▶ **WHAT YOU ARE ASKED TO DO**: Pictures are to be left out. Copy exactly, and only, the lines from the start of the entries below to the line with "#692 = DIRECTION", both included.

Records from a collection:
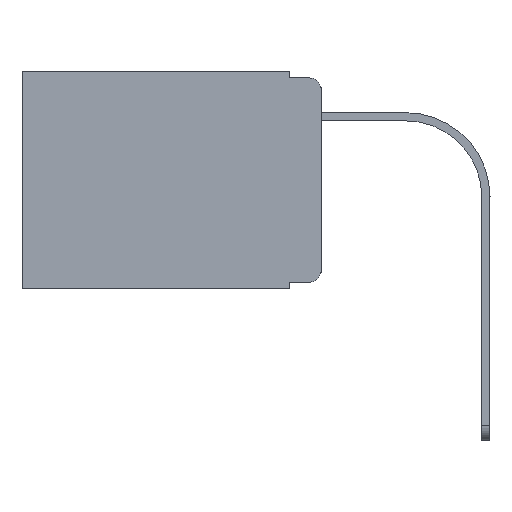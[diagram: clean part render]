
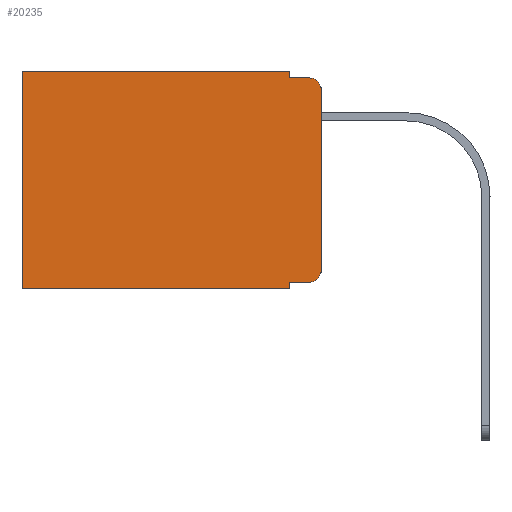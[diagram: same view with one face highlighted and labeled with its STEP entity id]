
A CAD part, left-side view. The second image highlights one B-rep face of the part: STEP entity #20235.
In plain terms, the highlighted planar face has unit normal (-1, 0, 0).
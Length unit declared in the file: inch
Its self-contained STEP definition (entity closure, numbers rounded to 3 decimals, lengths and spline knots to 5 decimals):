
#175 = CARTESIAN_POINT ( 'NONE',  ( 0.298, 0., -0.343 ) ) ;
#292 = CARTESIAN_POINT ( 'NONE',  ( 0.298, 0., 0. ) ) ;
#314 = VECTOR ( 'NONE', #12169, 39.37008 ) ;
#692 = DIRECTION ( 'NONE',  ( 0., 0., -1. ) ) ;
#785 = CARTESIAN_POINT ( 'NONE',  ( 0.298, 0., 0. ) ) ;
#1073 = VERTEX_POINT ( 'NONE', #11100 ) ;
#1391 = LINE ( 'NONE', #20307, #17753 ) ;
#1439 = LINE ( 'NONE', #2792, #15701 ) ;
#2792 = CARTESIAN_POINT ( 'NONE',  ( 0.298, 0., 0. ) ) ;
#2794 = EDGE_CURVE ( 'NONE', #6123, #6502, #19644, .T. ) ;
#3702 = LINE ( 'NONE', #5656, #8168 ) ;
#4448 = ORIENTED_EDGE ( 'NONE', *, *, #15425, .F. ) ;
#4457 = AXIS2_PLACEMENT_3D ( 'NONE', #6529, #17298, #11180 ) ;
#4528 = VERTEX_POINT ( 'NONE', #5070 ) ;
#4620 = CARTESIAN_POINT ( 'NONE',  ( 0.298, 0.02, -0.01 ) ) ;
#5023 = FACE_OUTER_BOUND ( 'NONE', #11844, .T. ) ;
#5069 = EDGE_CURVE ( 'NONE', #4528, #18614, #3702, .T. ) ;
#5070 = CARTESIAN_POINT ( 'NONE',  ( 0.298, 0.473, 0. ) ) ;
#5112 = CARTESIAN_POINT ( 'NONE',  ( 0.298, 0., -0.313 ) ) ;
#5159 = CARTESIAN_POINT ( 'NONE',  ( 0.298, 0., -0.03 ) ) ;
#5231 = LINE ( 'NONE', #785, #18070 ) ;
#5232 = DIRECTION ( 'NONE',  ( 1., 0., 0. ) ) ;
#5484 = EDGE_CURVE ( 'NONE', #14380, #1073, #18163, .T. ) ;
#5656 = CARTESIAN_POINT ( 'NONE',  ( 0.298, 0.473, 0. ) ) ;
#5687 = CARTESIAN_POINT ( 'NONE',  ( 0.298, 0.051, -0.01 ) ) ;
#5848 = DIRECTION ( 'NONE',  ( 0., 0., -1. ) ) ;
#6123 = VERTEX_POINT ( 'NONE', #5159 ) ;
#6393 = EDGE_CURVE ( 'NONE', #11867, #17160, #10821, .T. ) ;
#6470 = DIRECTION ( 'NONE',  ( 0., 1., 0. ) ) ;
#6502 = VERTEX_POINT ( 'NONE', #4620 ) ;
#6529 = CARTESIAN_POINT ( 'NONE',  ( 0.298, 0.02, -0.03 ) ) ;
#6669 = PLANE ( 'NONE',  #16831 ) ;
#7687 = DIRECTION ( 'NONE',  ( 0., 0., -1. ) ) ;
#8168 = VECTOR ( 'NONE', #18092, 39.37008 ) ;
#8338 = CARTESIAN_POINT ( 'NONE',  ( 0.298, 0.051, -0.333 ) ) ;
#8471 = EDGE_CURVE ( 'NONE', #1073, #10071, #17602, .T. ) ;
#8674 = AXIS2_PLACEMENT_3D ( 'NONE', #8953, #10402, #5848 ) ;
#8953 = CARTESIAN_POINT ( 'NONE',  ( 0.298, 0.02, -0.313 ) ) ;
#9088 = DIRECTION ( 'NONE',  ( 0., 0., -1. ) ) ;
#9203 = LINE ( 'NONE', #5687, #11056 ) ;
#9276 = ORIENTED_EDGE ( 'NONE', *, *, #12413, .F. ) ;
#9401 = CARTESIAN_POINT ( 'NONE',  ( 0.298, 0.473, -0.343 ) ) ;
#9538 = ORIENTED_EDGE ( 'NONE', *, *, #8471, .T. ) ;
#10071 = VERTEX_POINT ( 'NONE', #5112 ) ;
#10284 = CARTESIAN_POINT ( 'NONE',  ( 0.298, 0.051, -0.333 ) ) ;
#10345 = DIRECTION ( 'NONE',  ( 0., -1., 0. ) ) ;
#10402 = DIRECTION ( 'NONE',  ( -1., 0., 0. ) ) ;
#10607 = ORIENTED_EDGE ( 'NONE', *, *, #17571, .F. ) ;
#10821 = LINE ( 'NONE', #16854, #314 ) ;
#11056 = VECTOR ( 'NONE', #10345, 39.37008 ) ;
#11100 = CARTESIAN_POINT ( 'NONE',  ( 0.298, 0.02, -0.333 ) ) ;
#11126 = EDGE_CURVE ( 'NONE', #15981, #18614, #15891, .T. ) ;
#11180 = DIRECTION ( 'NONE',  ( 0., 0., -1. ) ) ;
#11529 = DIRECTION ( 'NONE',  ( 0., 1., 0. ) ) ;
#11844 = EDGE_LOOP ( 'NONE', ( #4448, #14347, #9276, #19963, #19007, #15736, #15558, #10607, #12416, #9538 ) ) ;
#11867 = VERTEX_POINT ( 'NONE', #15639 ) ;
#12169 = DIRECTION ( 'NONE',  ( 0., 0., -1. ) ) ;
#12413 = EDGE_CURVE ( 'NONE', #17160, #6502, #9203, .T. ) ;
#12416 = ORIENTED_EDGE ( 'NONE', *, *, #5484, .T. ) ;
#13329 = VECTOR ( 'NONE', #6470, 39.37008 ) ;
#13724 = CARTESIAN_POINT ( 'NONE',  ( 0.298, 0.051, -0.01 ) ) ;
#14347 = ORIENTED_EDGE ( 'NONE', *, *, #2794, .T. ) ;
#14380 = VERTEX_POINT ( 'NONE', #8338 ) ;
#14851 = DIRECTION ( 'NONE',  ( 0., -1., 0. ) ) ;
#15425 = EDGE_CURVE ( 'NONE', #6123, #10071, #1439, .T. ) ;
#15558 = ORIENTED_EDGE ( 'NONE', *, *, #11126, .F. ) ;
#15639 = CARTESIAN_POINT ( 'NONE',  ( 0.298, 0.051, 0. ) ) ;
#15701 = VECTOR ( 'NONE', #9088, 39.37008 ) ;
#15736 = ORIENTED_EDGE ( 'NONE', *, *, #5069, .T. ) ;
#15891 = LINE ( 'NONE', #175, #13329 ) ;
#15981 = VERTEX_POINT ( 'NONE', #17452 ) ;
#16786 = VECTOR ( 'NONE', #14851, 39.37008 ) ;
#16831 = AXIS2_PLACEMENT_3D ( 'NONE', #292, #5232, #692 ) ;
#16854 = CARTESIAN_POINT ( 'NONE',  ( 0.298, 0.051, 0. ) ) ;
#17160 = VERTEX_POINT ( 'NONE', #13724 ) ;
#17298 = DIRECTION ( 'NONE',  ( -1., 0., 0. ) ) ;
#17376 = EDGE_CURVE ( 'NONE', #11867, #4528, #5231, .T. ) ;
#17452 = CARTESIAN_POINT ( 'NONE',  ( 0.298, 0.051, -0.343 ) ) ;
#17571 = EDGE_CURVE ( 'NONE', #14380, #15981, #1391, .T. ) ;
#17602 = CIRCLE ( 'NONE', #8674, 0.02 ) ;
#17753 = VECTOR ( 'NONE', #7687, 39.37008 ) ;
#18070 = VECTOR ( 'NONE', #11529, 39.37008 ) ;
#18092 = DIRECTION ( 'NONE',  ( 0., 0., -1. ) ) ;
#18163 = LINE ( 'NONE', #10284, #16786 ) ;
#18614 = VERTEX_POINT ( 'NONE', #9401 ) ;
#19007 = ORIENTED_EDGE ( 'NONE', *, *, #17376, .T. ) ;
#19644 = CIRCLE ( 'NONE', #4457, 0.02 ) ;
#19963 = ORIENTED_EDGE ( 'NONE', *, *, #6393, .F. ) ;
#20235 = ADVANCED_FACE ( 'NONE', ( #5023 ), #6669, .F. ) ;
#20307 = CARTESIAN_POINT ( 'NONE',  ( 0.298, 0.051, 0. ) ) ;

▶ **THE COMPLETED TASK**:
[diagram: clean part render]
[diagram: same view with one face highlighted and labeled with its STEP entity id]
A CAD part, left-side view. The second image highlights one B-rep face of the part: STEP entity #20235.
In plain terms, the highlighted planar face has unit normal (-1, 0, 0).
Length unit declared in the file: inch
Its self-contained STEP definition (entity closure, numbers rounded to 3 decimals, lengths and spline knots to 5 decimals):
#175 = CARTESIAN_POINT ( 'NONE',  ( 0.298, 0., -0.343 ) ) ;
#292 = CARTESIAN_POINT ( 'NONE',  ( 0.298, 0., 0. ) ) ;
#314 = VECTOR ( 'NONE', #12169, 39.37008 ) ;
#692 = DIRECTION ( 'NONE',  ( 0., 0., -1. ) ) ;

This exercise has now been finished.